TASK TO COMPLETE -> When a line in the listing contains the string "midpoint", pick it out and copy it.

• • • •

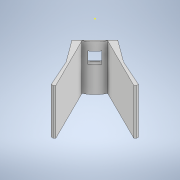
# Autodesk Inventor part: Box_Walls_2
Saved by Autodesk Inventor 2022 (Build 260153000, 153)
## iProperties
Created: 2023-02-27
Part Number: Box_Walls_2
Material: Generic
Document SubType Name: Modeling
Designer: zarek
Density: 1 g/cm^3
Appearance: Default
Author: zarek
Autodesk Inventor part; units mm, degrees
ref_plane "YZ Plane" through (0, 0, 0) normal (1, 0, 0) x (0, 1, 0)
ref_plane "XZ Plane" through (0, 0, 0) normal (0, 1, 0) x (-1, 0, 0)
sketch "Sketch1" plane through (0, 0, 0) normal (0, 1, 0) x (-1, 0, 0)
  line L0 (101.6, -101.6) -> (-101.6, -101.6)
  line L1 (-101.6, -101.6) -> (-101.6, 101.6)
  line L2 (-101.6, 101.6) -> (101.6, 101.6)
  line L3 (101.6, 101.6) -> (101.6, -101.6)
  line L4 (96.6, -96.6) -> (-96.6, -96.6)
  line L5 (-96.6, -96.6) -> (-96.6, 96.6)
  line L6 (-96.6, 96.6) -> (96.6, 96.6)
  line L7 (96.6, 96.6) -> (96.6, -96.6)
  line L8 (101.6, 101.6) -> (-40.4, 101.6)
  circle A0 centre (0, 0) radius 88.9
  circle A1 centre (0, 0) radius 109.3376
  line L9 (-40.4, 101.6) -> (-101.6, 40.4)
  line L10 (-45.4, 101.6) -> (-101.6, 45.4)
  line L11 (96.6, 96.6) -> (96.6, 101.6)
  line L12 (-45.4, 101.6) -> (-35.4, 101.6)
  line L13 (-35.4, 101.6) -> (-35.4, 96.6)
  line L14 (-35.4, 96.6) -> (-45.4, 96.6)
  line L15 (-45.4, 96.6) -> (-45.4, 101.6)
  line L16 (-45.4, 101.6) -> (-43.114, 101.6)
  line L17 (-43.114, 101.6) -> (-43.114, 96.6)
  line L18 (-43.114, 96.6) -> (-45.4, 96.6)
  line L19 (-45.4, 96.6) -> (-45.4, 101.6)
  line L20 (-96.6, 45.4) -> (-101.6, 45.4)
  line L21 (-101.6, 45.4) -> (-101.6, 43.114)
  line L22 (-101.6, 43.114) -> (-96.6, 43.114)
  line L23 (-96.6, 43.114) -> (-96.6, 45.4)
  point P0 (96.6, 51.2168)
  point P1 (101.6, 40.4)
  point P2 (101.6, -40.4)
  point P3 (96.6, -51.2168)
  point P4 (-96.6, 45.4)
  point P5 (-45.4, 96.6)
  dimension "d0" = 203.2
  dimension "d1" = 203.2
  dimension "d2" = 101.6
  dimension "d3" = 101.6
  dimension "d4" = 5
  dimension "d5" = 5
  dimension "d6" = 5
  dimension "d7" = 5
  dimension "d10" = 142
  dimension "d12" = 61.2
  dimension "d14" = 177.8
  dimension "d15" = 5
  dimension "d16" = 5
  dimension "d17" = 10
  dimension "d86" = 2.286
  dimension "d87" = 2.286
  constraints: 48 end point, 11 parallel, 10 point on line, 6 perpendicular, 5 horizontal, 2 centre point, 2 coincident, 2 point on circle
  measures "d0" distance between parallel lines of L2 L0
  measures "d1" distance between parallel lines of L1 L3
  measures "d2" distance from line of L0 point (0, 0)
  measures "d3" distance from line of L1 point (0, 0)
  measures "d4" distance between parallel lines of L4 L0
  measures "d5" distance between parallel lines of L1 L5
  measures "d6" distance between parallel lines of L2 L6
  measures "d7" distance between parallel lines of L3 L7
  measures "d10" distance of L2.end L8.end
  measures "d12" distance from line of L1 L8.end
  measures "d14" diameter of A0
  measures "d15" distance of L10.end L9.end
  measures "d16" distance of L10.start L8.end
  measures "d17" distance of L13.end L14.end
  measures "d86" distance of L17.end L18.end
  measures "d87" distance of L21.end L20.end
extrude "Extrusion1" add sketch "Sketch1" along normal blind 5 contours L0 A1 L4 L7 L3 | L0 A1 L4 | A1 L7 L3 | L0 L1 A1 L5 L4 | A1 L7 L4 | L4 A1 L5 L9 L6 L7 | A1 L7 L11 L2 L3 | L4 L5 A1 | A1 L6 L7 | L1 L9 L22 L5 A1 | L11 L6 A1 L2 | L6 L13 L2 A1 | L1 L22 A1 | A1 L22 L9 | L22 L9 L5 | L6 L17 L9 L2 L13 | L1 L20 A1 L22 | A1 L20 L9 L22 | L20 A1 L10 L5 | L5 L10 L6 L9 | A1 L17 L2 | L9 L17 A1 | L6 L9 L17 | L1 L2 L10 A1 L6 L5 | L10 A1 L20 | L10 A1 L5 | L5 A1 L6 L10 | L15 A1 L17 L9 | L6 L10 A1 L15 | L17 A1 L15 L2 | L5 L6 A1 | L6 A1 L10 | A1 L10 L15 | A0
sketch "Sketch3" plane through (0, 5, 0) normal (0, 1, 0) x (1, 0, 0)
  circle A0 centre (0, 0) radius 88.9
  line L0 (-101.6, 101.6) -> (-101.6, -101.6) projected
  line L1 (-101.6, -101.6) -> (101.6, -101.6) projected
  line L2 (-101.6, 101.6) -> (101.6, 101.6)
  line L3 (101.6, 101.6) -> (101.6, -101.6)
  line L4 (101.6, -101.6) -> (-101.6, -101.6)
  line L5 (-101.6, -101.6) -> (-101.6, 101.6)
  line L6 (-96.6, 96.6) -> (96.6, 96.6)
  line L7 (96.6, 96.6) -> (96.6, -96.6)
  line L8 (96.6, -96.6) -> (-96.6, -96.6)
  line L9 (-96.6, -96.6) -> (-96.6, 96.6)
  line L10 (-101.6, -101.6) -> (40.4, -101.6)
  circle A1 centre (0, 0) radius 109.3376
  line L11 (40.4, -101.6) -> (101.6, -40.4)
  line L12 (101.6, -101.6) -> (101.6, 101.6) projected
  line L13 (45.4038, -101.6) -> (101.6, -45.4038)
  line L14 (96.6, -45.4) -> (101.6, -45.4038)
  line L15 (45.4, -96.6) -> (45.4038, -101.6)
  line L16 (96.6, -45.4) -> (101.6, -45.4)
  line L17 (101.6, -45.4) -> (101.6, -43.114)
  line L18 (101.6, -43.114) -> (96.6, -43.114)
  line L19 (96.6, -43.114) -> (96.6, -45.4)
  line L20 (45.4038, -101.6) -> (43.1178, -101.6)
  line L21 (43.1178, -101.6) -> (43.1178, -96.6)
  line L22 (43.1178, -96.6) -> (45.4038, -96.6)
  line L23 (45.4038, -96.6) -> (45.4038, -101.6)
  point P0 (45.4038, -101.6)
  point P1 (50.4038, -96.6)
  point P2 (96.6, -50.4038)
  dimension "d28" = 177.8
  dimension "d29" = 5
  dimension "d30" = 5
  dimension "d31" = 5
  dimension "d32" = 5
  dimension "d33" = 142
  dimension "d76" = 5.0038
  dimension "d77" = 5.0038
  dimension "d88" = 2.286
  dimension "d89" = 2.286
  constraints: 42 end point, 10 point on line, 9 parallel, 4 horizontal, 4 perpendicular, 2 centre point, 2 coincident, 2 point on circle
  measures "d28" diameter of A0
  measures "d29" distance between parallel lines of L3 L7
  measures "d30" distance between parallel lines of L6 L2
  measures "d31" distance between parallel lines of L0 L9
  measures "d32" distance between parallel lines of L1 L8
  measures "d33" distance of L4.end L10.end
  measures "d76" distance of L13.end L11.end
  measures "d77" distance of L13.start L10.end
  measures "d88" distance of L17.end L16.end
  measures "d89" distance of L21.end L22.end
extrude "Extrusion3" cut sketch "Sketch3" against normal blind 2 contours L2 A1 L6 L9 L0 | A1 L9 L0 | L2 A1 L6 | A1 L9 L8 L1 L0 | L2 L3 A1 L7 L6 | A1 L8 L21 L11 L1 | L3 L11 L18 L7 A1 | A1 L21 L1 | L11 L21 A1 | L3 L18 A1 | A1 L18 L11
sketch "Sketch4" plane through (0, 5, 0) normal (0, 1, 0) x (1, 0, 0)
  line L0 (101.6, 101.6) -> (-101.6, 101.6)
  line L1 (-101.6, 101.6) -> (-101.6, -101.6)
  line L2 (-101.6, -101.6) -> (101.6, -101.6)
  line L3 (101.6, -101.6) -> (101.6, 101.6)
  circle A0 centre (0, 0) radius 2.5
  line L4 (11.3314, 2.139) -> (-2.139, -11.3314)
  line L5 (0, 0) -> (-5.6569, 5.6569)
  line L6 (-5.6569, -14.8492) -> (-26.163, 5.6569)
  line L7 (-5.6569, 26.163) -> (14.8492, 5.6569)
  circle A1 centre (-5.6569, 5.6569) radius 14
  line L8 (-26.163, 5.6569) -> (-5.6569, 26.163)
  line L9 (14.8492, 5.6569) -> (-5.6569, -14.8492)
  line L10 (-40.3051, 5.6569) -> (-5.6569, 40.3051)
  line L11 (-5.6569, 40.3051) -> (28.9914, 5.6569)
  line L12 (28.9914, 5.6569) -> (-5.6569, -28.9914)
  line L13 (-5.6569, -28.9914) -> (-40.3051, 5.6569)
  line L14 (-22.6451, 9.1747) -> (-9.1747, 22.6451)
  line L15 (-9.1747, 22.6451) -> (-12.7668, 26.2372)
  line L16 (-12.7668, 26.2372) -> (-26.2372, 12.7668)
  line L17 (-26.2372, 12.7668) -> (-22.6451, 9.1747)
  point P0 (9.525, 22.5)
  point P1 (-9.525, -6.5)
  dimension "d37" = 203.2
  dimension "d38" = 203.2
  dimension "d39" = 8
  dimension "d40" = 28
  dimension "d41" = 29
  dimension "d42" = 29
  dimension "d43" = 14.5
  dimension "d44" = 10
  dimension "d45" = 10
  dimension "d46" = 10
  dimension "d47" = 10
  dimension "d48" = 5.08
  dimension "d49" = 9.525
  dimension "d50" = 9.525
  dimension "d55" = 101.6
  dimension "d56" = 101.6
  constraints: 36 end point, 8 parallel, 4 perpendicular, 2 centre point, 2 coincident, 2 point on line, 1 horizontal
  measures "d37" distance between parallel lines of L2 L0
  measures "d38" distance between parallel lines of L1 L3
  measures "d39" distance of L5.start L5.end
  measures "d40" diameter of A1
  measures "d41" distance between parallel lines of L9 L8
  measures "d42" distance between parallel lines of L7 L6
  measures "d43" distance from line of A1.centre L8
  measures "d44" distance between parallel lines of L11 L7
  measures "d45" distance between parallel lines of L8 L10
  measures "d46" distance between parallel lines of L13 L6
  measures "d47" distance between parallel lines of L12 L9
  measures "d48" distance between parallel lines of L14 L16
  measures "d49" distance from line of A1.centre L15
  measures "d50" distance from line of L5.end L17
  measures "d55" distance from line of point (0, 0) L1
  measures "d56" distance from line of L0 point (0, 0)
extrude "Extrusion4" cut sketch "Sketch4" against normal blind 1 contours A0 | L4 L9 L6 L8 L7 | L8 L17 L16 L15 | A1 | L10 L11 L12 L13
sketch "Sketch6" plane through (0, 5, 0) normal (0, 1, 0) x (1, 0, 0)
  line L0 (45.4038, -101.6) -> (0, 0)
  line L1 (50.4038, -96.6) -> (45.4038, -101.6) projected
  line L2 (96.6, -43.114) -> (96.6, 96.6) projected
  line L3 (101.6, -101.6) -> (101.6, 101.6) projected
  circle A0 centre (0, 0) radius 34.925
  circle A1 centre (0, 0) radius 33.425
  line L4 (-101.6, 101.6) -> (-101.6, -101.6) projected
  line L5 (-101.6, -101.6) -> (40.4, -101.6)
  line L6 (-101.6, -101.6) -> (101.6, -101.6) projected
  line L7 (101.6, 101.6) -> (101.6, -43.114) projected
  line L8 (101.6, -45.4038) -> (0, 0)
  line L9 (-96.6, -96.6) -> (43.1178, -96.6) projected
  line L10 (96.6, -43.114) -> (96.6, 96.6) projected
  line L11 (43.1178, -101.6) -> (-101.6, -101.6) projected
  line L12 (101.6, -45.4038) -> (96.6, -50.4038) projected
  line L13 (45.4038, -101.6) -> (101.6, -45.4038)
  line L14 (43.1178, -101.6) -> (101.6, -101.6) projected
  line L15 (0, 0) -> (101.6, -50.4076)
  line L16 (50.4076, -101.6) -> (0, 0)
  line L17 (43.1694, -96.6) -> (47.9269, -96.6)
  line L18 (96.6, -43.1694) -> (96.6, -47.9269)
  line L19 (40.4, -101.6) -> (101.6, -40.4)
  point P0 (13.6374, -30.5164)
  point P1 (30.5164, -13.6374)
  point P2 (14.2494, -31.8859)
  point P3 (31.2861, -15.5222)
  point P4 (29.9423, -14.8555)
  point P5 (31.8859, -14.2494)
  point P6 (98.2555, -48.7483)
  point P7 (96.6, -47.9269)
  point P8 (47.9269, -96.6)
  point P9 (15.5222, -31.2861)
  point P10 (96.6, -45.4)
  point P11 (45.4, -96.6)
  point P12 (14.8555, -29.9423)
  point P13 (96.6, -45.4)
  point P14 (45.4, -96.6)
  point P15 (45.4, -96.6)
  point P16 (47.089, -94.911)
  point P17 (94.911, -47.089)
  point P18 (96.6, -45.4)
  point P19 (43.8583, -98.1417)
  point P20 (98.1417, -43.8583)
  point P21 (45.4, -96.6)
  point P22 (96.6, -45.4)
  dimension "d71" = 69.85
  dimension "d72" = 66.85
  dimension "d75" = 142
  dimension "d78" = 5.0038
  dimension "d82" = 5.0038
  constraints: 18 end point, 11 point on line, 2 centre point, 2 coincident, 1 collinear, 1 perpendicular
  measures "d71" diameter of A0
  measures "d72" diameter of A1
  measures "d75" distance of L4.end L5.end
  measures "d78" distance of L0.start L5.end
  measures "d82" distance of L8.start L19.end
extrude "Extrusion6" add sketch "Sketch6" along normal blind 56 contours L0 A0 L16 L19 L17 | L0 A1 L16 A0 | L16 A1 L15 A0 | L15 A0 L8 L18 L19 | A0 L15 A1 L8
fillet "Fillet3" radius 12.7 1 edges at (101.6, 2.5, 101.6)
sketch "Sketch9" plane through (0, 4, 0) normal (0, 1, 0) x (1, 0, 0)
  point P0 (0, 0)
sketch "Sketch10" plane through (0, 5, 0) normal (0, 1, 0) x (1, 0, 0)
  point P0 (0, 0)
ref_plane "Work Plane1" through (24.6957, 5, 24.6957) normal (0.7071068, 0, 0.7071068) x (0.7071068, 0, -0.7071068)
sketch "Sketch15" plane through (0, 5, 0) normal (0, 1, 0) x (1, 0, 0)
  line L0 (13.6374, -30.5164) -> (43.1694, -96.6) projected
  line L1 (28.4034, -63.5582) -> (-0.6569, -23.9914)
  line L2 (28.9914, 5.6569) -> (-5.6569, -28.9914) projected
  line L3 (96.6, -43.1694) -> (30.5164, -13.6374) projected
  line L4 (-5.6569, 40.3051) -> (28.9914, 5.6569) projected
  line L5 (63.5582, -28.4034) -> (23.9914, 0.6569)
  line L6 (2.3374, -28.0682) -> (28.0682, -2.3374)
  arc A0 (13.6374, -30.5164) -> (30.5164, -13.6374) centre (0, 0) ccw projected
  line L7 (28.4034, -63.5582) -> (13.6374, -30.5164)
  line L8 (63.5582, -28.4034) -> (30.5164, -13.6374)
  arc A1 (13.6374, -30.5164) -> (30.5164, -13.6374) centre (0, 0) ccw
  dimension "d138" = 5
  dimension "d139" = 5
  dimension "d140" = 5
  constraints: 10 end point, 4 point on line, 3 point on circle, 2 midpoint, 1 centre point, 1 collinear, 1 concentric, 1 parallel
  measures "d138" horizontal distance of L2.end L1.end
  measures "d139" horizontal distance of L2.start L5.end
  measures "d140" distance between parallel lines of L6 L2
extrude "Extrusion11" add sketch "Sketch15" along normal up to surface (56 mm away) contours L0 L1 L6 L5 L3 A0
sketch "Sketch16" plane through (0, 61, 0) normal (0, 1, 0) x (1, 0, 0)
  line L0 (2.3374, -28.0682) -> (28.0682, -2.3374) projected
  line L1 (9.4085, -20.9971) -> (12.2369, -23.8255)
  line L2 (12.2369, -23.8255) -> (23.8256, -12.2369)
  line L3 (23.8256, -12.2369) -> (20.9971, -9.4085)
  line L4 (12.2369, -23.8255) -> (23.8256, -12.2369)
  line L5 (23.8256, -12.2369) -> (28.5592, -16.9706)
  line L6 (28.5592, -16.9706) -> (16.9706, -28.5592)
  line L7 (16.9706, -28.5592) -> (12.2369, -23.8255)
  line L8 (28.4034, -63.5582) -> (2.3374, -28.0682) projected
  line L9 (28.0682, -2.3374) -> (63.5582, -28.4034) projected
  line L10 (23.8256, -12.2369) -> (31.3296, -4.7328)
  line L11 (12.2369, -23.8255) -> (4.7328, -31.3296)
  line L12 (28.4034, -63.5582) -> (2.3374, -28.0682) projected
  point P0 (0, 0)
  point P1 (29.3133, -3.2519)
  point P2 (12.2369, -23.8255)
  dimension "d144" = 10
  dimension "d145" = 10
  dimension "d146" = 4
  dimension "d152" = 0
  dimension "d153" = 0
  constraints: 18 end point, 6 perpendicular, 6 point on line
  measures "d144" distance of L0.start L1.start
  measures "d145" distance of L0.end L3.end
  measures "d146" distance between parallel lines of L0 L2
  measures "d152" distance between parallel lines of L7 L1
  measures "d153" distance between parallel lines of L5 L3
extrude "Extrusion12" cut sketch "Sketch16" against normal up to surface (56 mm away)
sketch "Sketch11" plane through (24.6957, 5, 24.6957) normal (0.7071068, 0, 0.7071068) x (0.7071068, 0, -0.7071068)
  line L0 (143.6841, -5) -> (0, -5) projected
  line L1 (0, -5) -> (0, 40)
  circle A0 centre (0, 40) radius 5.5
  line L2 (-6, 46) -> (6, 46)
  line L3 (6, 46) -> (6, 34)
  line L4 (6, 34) -> (-6, 34)
  line L5 (-6, 34) -> (-6, 46)
  line L6 (0, 46) -> (0, 56)
  line L7 (8.1944, 56) -> (-8.1944, 56) projected
  dimension "d144" = 10
  dimension "d145" = 10
  dimension "d146" = 4
  dimension "d152" = 0
  dimension "d153" = 0
  dimension "d120" = 45
  dimension "d121" = 11
  dimension "d221" = 6
  dimension "d222" = 6
  dimension "d223" = 6
  dimension "d224" = 6
  dimension "d271" = 10
  constraints: 12 end point, 2 midpoint, 2 parallel, 1 centre point, 1 coincident, 1 horizontal, 1 perpendicular, 1 vertical
  measures "d120" distance of L0.end L1.end
  measures "d121" diameter of A0
  measures "d221" distance from line of L3 L1.end
  measures "d222" distance from line of L5 L1.end
  measures "d223" distance from line of L1.end L2
  measures "d224" distance from line of L4 L1.end
  measures "d271" distance of L6.start L6.end
extrude "Extrusion8" cut sketch "Sketch11" against normal blind 127 contours A0 | L2 L3 L4 L5
sketch "Sketch18" plane through (101.6, 3, 43.114) normal (1, 0, 0) x (0, 0, -1)
  line L0 (-53.486, 2) -> (-58.486, 2) projected
  line L1 (-58.486, 2) -> (145.4353, 2)
  line L2 (145.4353, 2) -> (145.4353, -4.8825)
  line L3 (145.4353, -4.8825) -> (-58.486, -4.8825)
  line L4 (-58.486, -4.8825) -> (-58.486, 2)
  point P0 (43.114, -3)
  constraints: 8 end point, 2 parallel, 1 horizontal, 1 perpendicular
extrude "Extrusion13" cut sketch "Sketch18" against normal through all
sketch "Sketch30" plane through (0, 61, 0) normal (0, 1, 0) x (1, 0, 0)
  line L0 (2.3374, -28.0682) -> (28.0682, -2.3374)
  line L1 (9.4085, -20.9971) -> (12.944, -24.5327)
  line L2 (12.944, -24.5327) -> (24.5327, -12.944)
  line L3 (24.5327, -12.944) -> (20.9971, -9.4085)
  line L4 (12.944, -24.5327) -> (24.5327, -12.944)
  line L5 (24.5327, -12.944) -> (28.5592, -16.9706)
  line L6 (28.5592, -16.9706) -> (16.9706, -28.5592)
  line L7 (16.9706, -28.5592) -> (12.944, -24.5327)
  line L8 (12.944, -24.5327) -> (5.3317, -32.145)
  line L9 (28.4034, -63.5582) -> (2.3374, -28.0682)
  line L10 (24.5327, -12.944) -> (32.145, -5.3317)
  line L11 (28.0682, -2.3374) -> (63.5582, -28.4034)
  line L12 (31.3296, -4.7328) -> (63.5582, -28.4034) projected
  line L13 (36.788, -8.7418) -> (28.5592, -16.9706)
  line L14 (28.5592, -16.9706) -> (8.7418, -36.788)
  line L15 (36.788, -8.7418) -> (32.145, -5.3317)
  line L16 (28.4034, -63.5582) -> (4.7328, -31.3296) projected
  line L17 (8.7418, -36.788) -> (5.3317, -32.145)
  point P0 (0, 0)
  point P1 (0, 0)
  point P2 (16.9706, -28.5592)
  dimension "d231" = 10
  dimension "d232" = 10
  dimension "d233" = 5
  dimension "d234" = 0
  dimension "d235" = 0
  dimension "d240" = 0
  constraints: 32 end point, 10 point on line, 7 perpendicular, 2 collinear
  measures "d231" distance of L0.start L1.start
  measures "d232" distance of L0.end L3.end
  measures "d233" distance between parallel lines of L0 L2
  measures "d234" distance between parallel lines of L7 L1
  measures "d235" distance between parallel lines of L5 L3
  measures "d240" distance between parallel lines of L14 L6
extrude "Extrusion14" cut sketch "Sketch30" against normal blind 24.75 contours L0 L1 L8 L9 | L0 L11 L10 L3 | L7 L14 L9 L8 | L10 L11 L13 L5
sketch "Sketch32" plane through (28.4034, 5, 63.5582) normal (-0.8059719, 0, 0.5919538) x (0.5919538, 0, 0.8059719)
  line L0 (-33.2148, 56) -> (-33.2148, 31.25) projected
  line L1 (-33.2148, 31.25) -> (-38.2681, 31.25)
  line L2 (-41.5932, 31.25) -> (-34.9759, 31.25) projected
  line L3 (-38.9873, 31.25) -> (-33.2148, 43.625)
  point P0 (-68.0396, -5)
  point P1 (-40.6047, 22.75)
  point P2 (-45.5472, 22.75)
  constraints: 4 end point, 1 horizontal, 1 midpoint, 2 other
sketch "Sketch33" plane through (0, 36.25, 0) normal (0, 1, 0) x (1, 0, 0)
  circle A0 centre (2, 3.9204) radius 1.5
  circle A1 centre (33.9053, 3.9204) radius 1.5
  line L0 (35.9053, 0) -> (31.9053, 0)
  line L1 (31.9053, 7.8408) -> (35.9053, 7.8408)
  line L2 (35.9053, 7.8408) -> (35.9053, 0)
  line L3 (31.9053, 2) -> (31.9053, 7.8408)
  line L4 (0, 0) -> (0, 7.8408)
  line L5 (0, 7.8408) -> (4, 7.8408)
  circle A2 centre (31.2131, -8.6598) radius 1.5
  circle A3 centre (8.6529, -31.22) radius 1.5
  line L6 (31.3296, -4.7328) -> (36.788, -8.7418) projected
  line L7 (8.7418, -36.788) -> (4.7328, -31.3296) projected
  line L8 (31.2131, -8.6598) -> (8.6529, -31.22)
  line L9 (36.788, -8.7418) -> (8.7418, -36.788) projected
  line L10 (12.2369, -23.8255) -> (16.9706, -28.5592) projected
  line L11 (28.5592, -16.9706) -> (23.8256, -12.2369) projected
  point P0 (36.9053, 0)
  point P1 (32.145, -5.3317)
  point P2 (5.3317, -32.145)
  point P3 (28.0682, -2.3374)
  point P4 (2.3374, -28.0682)
  dimension "d241" = 3
  dimension "d242" = 3
  dimension "d243" = 7.8408
  dimension "d244" = 3.9204
  dimension "d245" = 4
  dimension "d246" = 2
  dimension "d247" = 2
  dimension "d248" = 3.9204
  dimension "d249" = 31.9053
  dimension "d250" = 3
  dimension "d251" = 3
  dimension "d254" = 31.905
  dimension "d264" = 4
  dimension "d269" = 7.7629
  dimension "d270" = 7.7532
  constraints: 14 end point, 4 centre point, 1 parallel
  measures "d241" diameter of A0
  measures "d242" diameter of A1
  measures "d243" distance between parallel lines of L0 L1
  measures "d244" distance from line of A1.centre L1
  measures "d245" distance between parallel lines of L2 L3
  measures "d246" distance from line of L2 A1.centre
  measures "d247" distance from line of L4 A0.centre
  measures "d248" distance from line of A0.centre L5
  measures "d249" distance of A1.centre A0.centre
  measures "d250" diameter of A2
  measures "d251" diameter of A3
  measures "d254" distance of L8.start L8.end
  measures "d264" distance between parallel lines of L8 L9
  measures "d269" distance from line of L10 L8.end
  measures "d270" distance from line of L11 L8.start
hole "Hole3" at (8.6529, 36.25, 31.22) at (31.2131, 36.25, 8.6598) direction (0, -1, 0) diameter 2.85 depth 12.7 tip angle 118 countersink diameter 3.81 countersink angle 82 thread size "M3.5x0.6" class "6H" standard "ANSI Metric M Profile"
chamfer "Chamfer1" distance 2 distance2 2 1 edges at (24.6957, 39, 24.6957) measured on face at (17.0887, 35, 30.4587)
sketch "Sketch34" plane through (0, 61, 0) normal (0, 1, 0) x (1, 0, 0)
  point P0 (0, 0)
equation "\"d1\" = d0"
equation "\"d2\" = 0.5 * d0"
equation "\"d3\" = 0.5 * d0"
body "Solid1"

• • • •

WORKED SOLUTION ->
  constraints: 10 end point, 4 point on line, 3 point on circle, 2 midpoint, 1 centre point, 1 collinear, 1 concentric, 1 parallel
  constraints: 12 end point, 2 midpoint, 2 parallel, 1 centre point, 1 coincident, 1 horizontal, 1 perpendicular, 1 vertical
  constraints: 4 end point, 1 horizontal, 1 midpoint, 2 other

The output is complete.